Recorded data

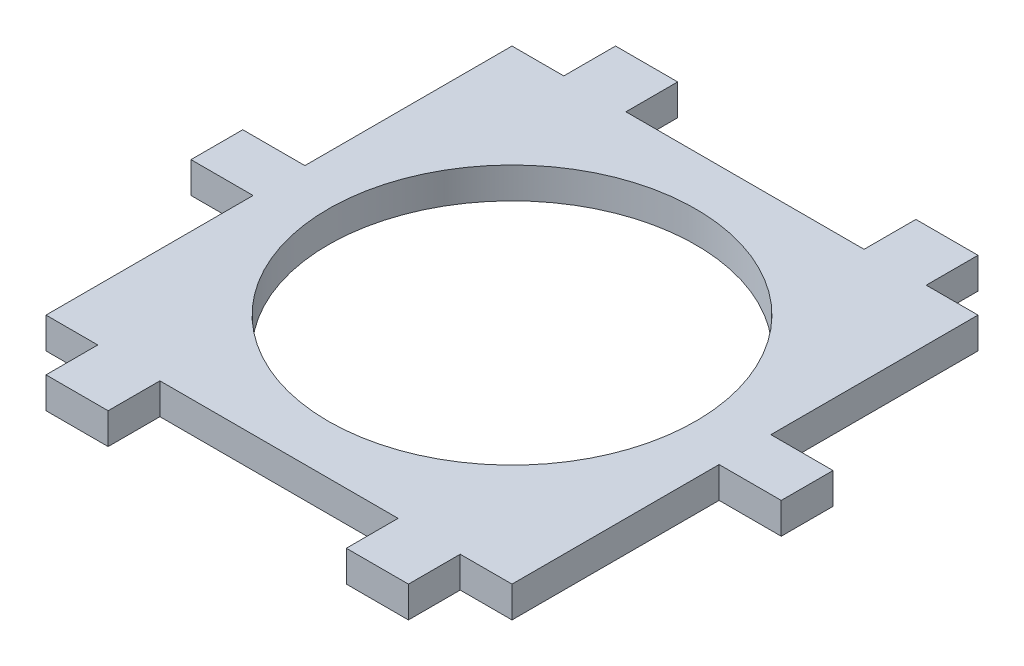
ISO-10303-21;
HEADER;
FILE_DESCRIPTION(('STEP AP214'),'2;1');
FILE_NAME('part.step','',(''),(''),'','','');
FILE_SCHEMA(('AUTOMOTIVE_DESIGN { 1 0 10303 214 1 1 1 1 }'));
ENDSEC;
DATA;
#1=APPLICATION_CONTEXT('core data for automotive mechanical design processes');
#2=APPLICATION_PROTOCOL_DEFINITION('international standard','automotive_design',2000,#1);
#3=PRODUCT_CONTEXT('',#1,'mechanical');
#4=PRODUCT('Part','Part','',(#3));
#5=PRODUCT_RELATED_PRODUCT_CATEGORY('part','',(#4));
#6=PRODUCT_DEFINITION_FORMATION('','',#4);
#7=PRODUCT_DEFINITION_CONTEXT('part definition',#1,'design');
#8=PRODUCT_DEFINITION('design','',#6,#7);
#9=PRODUCT_DEFINITION_SHAPE('','',#8);
#10=(LENGTH_UNIT() NAMED_UNIT(*) SI_UNIT(.MILLI.,.METRE.));
#11=(NAMED_UNIT(*) PLANE_ANGLE_UNIT() SI_UNIT($,.RADIAN.));
#12=(NAMED_UNIT(*) SI_UNIT($,.STERADIAN.) SOLID_ANGLE_UNIT());
#13=UNCERTAINTY_MEASURE_WITH_UNIT(LENGTH_MEASURE(1.E-05),#10,'distance_accuracy_value','');
#14=(GEOMETRIC_REPRESENTATION_CONTEXT(3) GLOBAL_UNCERTAINTY_ASSIGNED_CONTEXT((#13)) GLOBAL_UNIT_ASSIGNED_CONTEXT((#10,
#11,#12)) REPRESENTATION_CONTEXT('',''));
#15=CARTESIAN_POINT('',(0.,0.,0.));
#16=DIRECTION('',(0.,0.,1.));
#17=DIRECTION('',(1.,0.,0.));
#18=AXIS2_PLACEMENT_3D('',#15,#16,#17);
#19=CARTESIAN_POINT('',(22.5,3.,0.));
#20=DIRECTION('',(1.,0.,0.));
#21=DIRECTION('',(0.,0.,-1.));
#22=AXIS2_PLACEMENT_3D('',#19,#20,#21);
#23=PLANE('',#22);
#24=DIRECTION('',(0.,0.,1.));
#25=VECTOR('',#24,1.);
#26=CARTESIAN_POINT('',(22.5,3.,0.));
#27=LINE('',#26,#25);
#28=CARTESIAN_POINT('',(22.5,3.,-22.5));
#29=VERTEX_POINT('',#28);
#30=CARTESIAN_POINT('',(22.5,3.,-2.50000000000001));
#31=VERTEX_POINT('',#30);
#32=EDGE_CURVE('E480',#29,#31,#27,.T.);
#33=ORIENTED_EDGE('',*,*,#32,.T.);
#34=DIRECTION('',(0.,-1.,0.));
#35=VECTOR('',#34,1.);
#36=CARTESIAN_POINT('',(22.5,3.,-2.50000000000001));
#37=LINE('',#36,#35);
#38=CARTESIAN_POINT('',(22.5,0.,-2.50000000000001));
#39=VERTEX_POINT('',#38);
#40=EDGE_CURVE('E231',#31,#39,#37,.T.);
#41=ORIENTED_EDGE('',*,*,#40,.T.);
#42=DIRECTION('',(0.,0.,1.));
#43=VECTOR('',#42,1.);
#44=CARTESIAN_POINT('',(22.5,0.,0.));
#45=LINE('',#44,#43);
#46=CARTESIAN_POINT('',(22.5,0.,-22.5));
#47=VERTEX_POINT('',#46);
#48=EDGE_CURVE('E288',#47,#39,#45,.T.);
#49=ORIENTED_EDGE('',*,*,#48,.F.);
#50=DIRECTION('',(0.,-1.,0.));
#51=VECTOR('',#50,1.);
#52=CARTESIAN_POINT('',(22.5,3.,-22.5));
#53=LINE('',#52,#51);
#54=EDGE_CURVE('E11',#29,#47,#53,.T.);
#55=ORIENTED_EDGE('',*,*,#54,.F.);
#56=EDGE_LOOP('',(#33,#41,#49,#55));
#57=FACE_BOUND('',#56,.T.);
#58=ADVANCED_FACE('F37',(#57),#23,.T.);
#59=CARTESIAN_POINT('',(-22.5,3.,0.));
#60=DIRECTION('',(1.,0.,0.));
#61=DIRECTION('',(0.,0.,-1.));
#62=AXIS2_PLACEMENT_3D('',#59,#60,#61);
#63=PLANE('',#62);
#64=DIRECTION('',(0.,-1.,0.));
#65=VECTOR('',#64,1.);
#66=CARTESIAN_POINT('',(-22.5,3.,-2.50000000000001));
#67=LINE('',#66,#65);
#68=CARTESIAN_POINT('',(-22.5,3.,-2.50000000000001));
#69=VERTEX_POINT('',#68);
#70=CARTESIAN_POINT('',(-22.5,0.,-2.50000000000001));
#71=VERTEX_POINT('',#70);
#72=EDGE_CURVE('E274',#69,#71,#67,.T.);
#73=ORIENTED_EDGE('',*,*,#72,.F.);
#74=DIRECTION('',(0.,0.,1.));
#75=VECTOR('',#74,1.);
#76=CARTESIAN_POINT('',(-22.5,3.,0.));
#77=LINE('',#76,#75);
#78=CARTESIAN_POINT('',(-22.5,3.,-22.5));
#79=VERTEX_POINT('',#78);
#80=EDGE_CURVE('E431',#79,#69,#77,.T.);
#81=ORIENTED_EDGE('',*,*,#80,.F.);
#82=DIRECTION('',(0.,-1.,0.));
#83=VECTOR('',#82,1.);
#84=CARTESIAN_POINT('',(-22.5,3.,-22.5));
#85=LINE('',#84,#83);
#86=CARTESIAN_POINT('',(-22.5,0.,-22.5));
#87=VERTEX_POINT('',#86);
#88=EDGE_CURVE('E350',#79,#87,#85,.T.);
#89=ORIENTED_EDGE('',*,*,#88,.T.);
#90=DIRECTION('',(0.,0.,1.));
#91=VECTOR('',#90,1.);
#92=CARTESIAN_POINT('',(-22.5,0.,0.));
#93=LINE('',#92,#91);
#94=EDGE_CURVE('E332',#87,#71,#93,.T.);
#95=ORIENTED_EDGE('',*,*,#94,.T.);
#96=EDGE_LOOP('',(#73,#81,#89,#95));
#97=FACE_BOUND('',#96,.T.);
#98=ADVANCED_FACE('F535',(#97),#63,.F.);
#99=DIRECTION('',(0.,-1.,0.));
#100=VECTOR('',#99,1.);
#101=CARTESIAN_POINT('',(22.5,3.,2.49999999999999));
#102=LINE('',#101,#100);
#103=CARTESIAN_POINT('',(22.5,3.,2.49999999999999));
#104=VERTEX_POINT('',#103);
#105=CARTESIAN_POINT('',(22.5,0.,2.49999999999999));
#106=VERTEX_POINT('',#105);
#107=EDGE_CURVE('E254',#104,#106,#102,.T.);
#108=ORIENTED_EDGE('',*,*,#107,.F.);
#109=CARTESIAN_POINT('',(22.5,3.,22.5));
#110=VERTEX_POINT('',#109);
#111=EDGE_CURVE('E477',#104,#110,#27,.T.);
#112=ORIENTED_EDGE('',*,*,#111,.T.);
#113=DIRECTION('',(0.,-1.,0.));
#114=VECTOR('',#113,1.);
#115=CARTESIAN_POINT('',(22.5,3.,22.5));
#116=LINE('',#115,#114);
#117=CARTESIAN_POINT('',(22.5,0.,22.5));
#118=VERTEX_POINT('',#117);
#119=EDGE_CURVE('E375',#110,#118,#116,.T.);
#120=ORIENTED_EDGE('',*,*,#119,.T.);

• **Action item**:
Nothing but an exact copy of the data above, minus its pictures, should appear in the response.

• **Answer to the problem**:
ISO-10303-21;
HEADER;
FILE_DESCRIPTION(('STEP AP214'),'2;1');
FILE_NAME('part.step','',(''),(''),'','','');
FILE_SCHEMA(('AUTOMOTIVE_DESIGN { 1 0 10303 214 1 1 1 1 }'));
ENDSEC;
DATA;
#1=APPLICATION_CONTEXT('core data for automotive mechanical design processes');
#2=APPLICATION_PROTOCOL_DEFINITION('international standard','automotive_design',2000,#1);
#3=PRODUCT_CONTEXT('',#1,'mechanical');
#4=PRODUCT('Part','Part','',(#3));
#5=PRODUCT_RELATED_PRODUCT_CATEGORY('part','',(#4));
#6=PRODUCT_DEFINITION_FORMATION('','',#4);
#7=PRODUCT_DEFINITION_CONTEXT('part definition',#1,'design');
#8=PRODUCT_DEFINITION('design','',#6,#7);
#9=PRODUCT_DEFINITION_SHAPE('','',#8);
#10=(LENGTH_UNIT() NAMED_UNIT(*) SI_UNIT(.MILLI.,.METRE.));
#11=(NAMED_UNIT(*) PLANE_ANGLE_UNIT() SI_UNIT($,.RADIAN.));
#12=(NAMED_UNIT(*) SI_UNIT($,.STERADIAN.) SOLID_ANGLE_UNIT());
#13=UNCERTAINTY_MEASURE_WITH_UNIT(LENGTH_MEASURE(1.E-05),#10,'distance_accuracy_value','');
#14=(GEOMETRIC_REPRESENTATION_CONTEXT(3) GLOBAL_UNCERTAINTY_ASSIGNED_CONTEXT((#13)) GLOBAL_UNIT_ASSIGNED_CONTEXT((#10,
#11,#12)) REPRESENTATION_CONTEXT('',''));
#15=CARTESIAN_POINT('',(0.,0.,0.));
#16=DIRECTION('',(0.,0.,1.));
#17=DIRECTION('',(1.,0.,0.));
#18=AXIS2_PLACEMENT_3D('',#15,#16,#17);
#19=CARTESIAN_POINT('',(22.5,3.,0.));
#20=DIRECTION('',(1.,0.,0.));
#21=DIRECTION('',(0.,0.,-1.));
#22=AXIS2_PLACEMENT_3D('',#19,#20,#21);
#23=PLANE('',#22);
#24=DIRECTION('',(0.,0.,1.));
#25=VECTOR('',#24,1.);
#26=CARTESIAN_POINT('',(22.5,3.,0.));
#27=LINE('',#26,#25);
#28=CARTESIAN_POINT('',(22.5,3.,-22.5));
#29=VERTEX_POINT('',#28);
#30=CARTESIAN_POINT('',(22.5,3.,-2.50000000000001));
#31=VERTEX_POINT('',#30);
#32=EDGE_CURVE('E480',#29,#31,#27,.T.);
#33=ORIENTED_EDGE('',*,*,#32,.T.);
#34=DIRECTION('',(0.,-1.,0.));
#35=VECTOR('',#34,1.);
#36=CARTESIAN_POINT('',(22.5,3.,-2.50000000000001));
#37=LINE('',#36,#35);
#38=CARTESIAN_POINT('',(22.5,0.,-2.50000000000001));
#39=VERTEX_POINT('',#38);
#40=EDGE_CURVE('E231',#31,#39,#37,.T.);
#41=ORIENTED_EDGE('',*,*,#40,.T.);
#42=DIRECTION('',(0.,0.,1.));
#43=VECTOR('',#42,1.);
#44=CARTESIAN_POINT('',(22.5,0.,0.));
#45=LINE('',#44,#43);
#46=CARTESIAN_POINT('',(22.5,0.,-22.5));
#47=VERTEX_POINT('',#46);
#48=EDGE_CURVE('E288',#47,#39,#45,.T.);
#49=ORIENTED_EDGE('',*,*,#48,.F.);
#50=DIRECTION('',(0.,-1.,0.));
#51=VECTOR('',#50,1.);
#52=CARTESIAN_POINT('',(22.5,3.,-22.5));
#53=LINE('',#52,#51);
#54=EDGE_CURVE('E11',#29,#47,#53,.T.);
#55=ORIENTED_EDGE('',*,*,#54,.F.);
#56=EDGE_LOOP('',(#33,#41,#49,#55));
#57=FACE_BOUND('',#56,.T.);
#58=ADVANCED_FACE('F37',(#57),#23,.T.);
#59=CARTESIAN_POINT('',(-22.5,3.,0.));
#60=DIRECTION('',(1.,0.,0.));
#61=DIRECTION('',(0.,0.,-1.));
#62=AXIS2_PLACEMENT_3D('',#59,#60,#61);
#63=PLANE('',#62);
#64=DIRECTION('',(0.,-1.,0.));
#65=VECTOR('',#64,1.);
#66=CARTESIAN_POINT('',(-22.5,3.,-2.50000000000001));
#67=LINE('',#66,#65);
#68=CARTESIAN_POINT('',(-22.5,3.,-2.50000000000001));
#69=VERTEX_POINT('',#68);
#70=CARTESIAN_POINT('',(-22.5,0.,-2.50000000000001));
#71=VERTEX_POINT('',#70);
#72=EDGE_CURVE('E274',#69,#71,#67,.T.);
#73=ORIENTED_EDGE('',*,*,#72,.F.);
#74=DIRECTION('',(0.,0.,1.));
#75=VECTOR('',#74,1.);
#76=CARTESIAN_POINT('',(-22.5,3.,0.));
#77=LINE('',#76,#75);
#78=CARTESIAN_POINT('',(-22.5,3.,-22.5));
#79=VERTEX_POINT('',#78);
#80=EDGE_CURVE('E431',#79,#69,#77,.T.);
#81=ORIENTED_EDGE('',*,*,#80,.F.);
#82=DIRECTION('',(0.,-1.,0.));
#83=VECTOR('',#82,1.);
#84=CARTESIAN_POINT('',(-22.5,3.,-22.5));
#85=LINE('',#84,#83);
#86=CARTESIAN_POINT('',(-22.5,0.,-22.5));
#87=VERTEX_POINT('',#86);
#88=EDGE_CURVE('E350',#79,#87,#85,.T.);
#89=ORIENTED_EDGE('',*,*,#88,.T.);
#90=DIRECTION('',(0.,0.,1.));
#91=VECTOR('',#90,1.);
#92=CARTESIAN_POINT('',(-22.5,0.,0.));
#93=LINE('',#92,#91);
#94=EDGE_CURVE('E332',#87,#71,#93,.T.);
#95=ORIENTED_EDGE('',*,*,#94,.T.);
#96=EDGE_LOOP('',(#73,#81,#89,#95));
#97=FACE_BOUND('',#96,.T.);
#98=ADVANCED_FACE('F535',(#97),#63,.F.);
#99=DIRECTION('',(0.,-1.,0.));
#100=VECTOR('',#99,1.);
#101=CARTESIAN_POINT('',(22.5,3.,2.49999999999999));
#102=LINE('',#101,#100);
#103=CARTESIAN_POINT('',(22.5,3.,2.49999999999999));
#104=VERTEX_POINT('',#103);
#105=CARTESIAN_POINT('',(22.5,0.,2.49999999999999));
#106=VERTEX_POINT('',#105);
#107=EDGE_CURVE('E254',#104,#106,#102,.T.);
#108=ORIENTED_EDGE('',*,*,#107,.F.);
#109=CARTESIAN_POINT('',(22.5,3.,22.5));
#110=VERTEX_POINT('',#109);
#111=EDGE_CURVE('E477',#104,#110,#27,.T.);
#112=ORIENTED_EDGE('',*,*,#111,.T.);
#113=DIRECTION('',(0.,-1.,0.));
#114=VECTOR('',#113,1.);
#115=CARTESIAN_POINT('',(22.5,3.,22.5));
#116=LINE('',#115,#114);
#117=CARTESIAN_POINT('',(22.5,0.,22.5));
#118=VERTEX_POINT('',#117);
#119=EDGE_CURVE('E375',#110,#118,#116,.T.);
#120=ORIENTED_EDGE('',*,*,#119,.T.);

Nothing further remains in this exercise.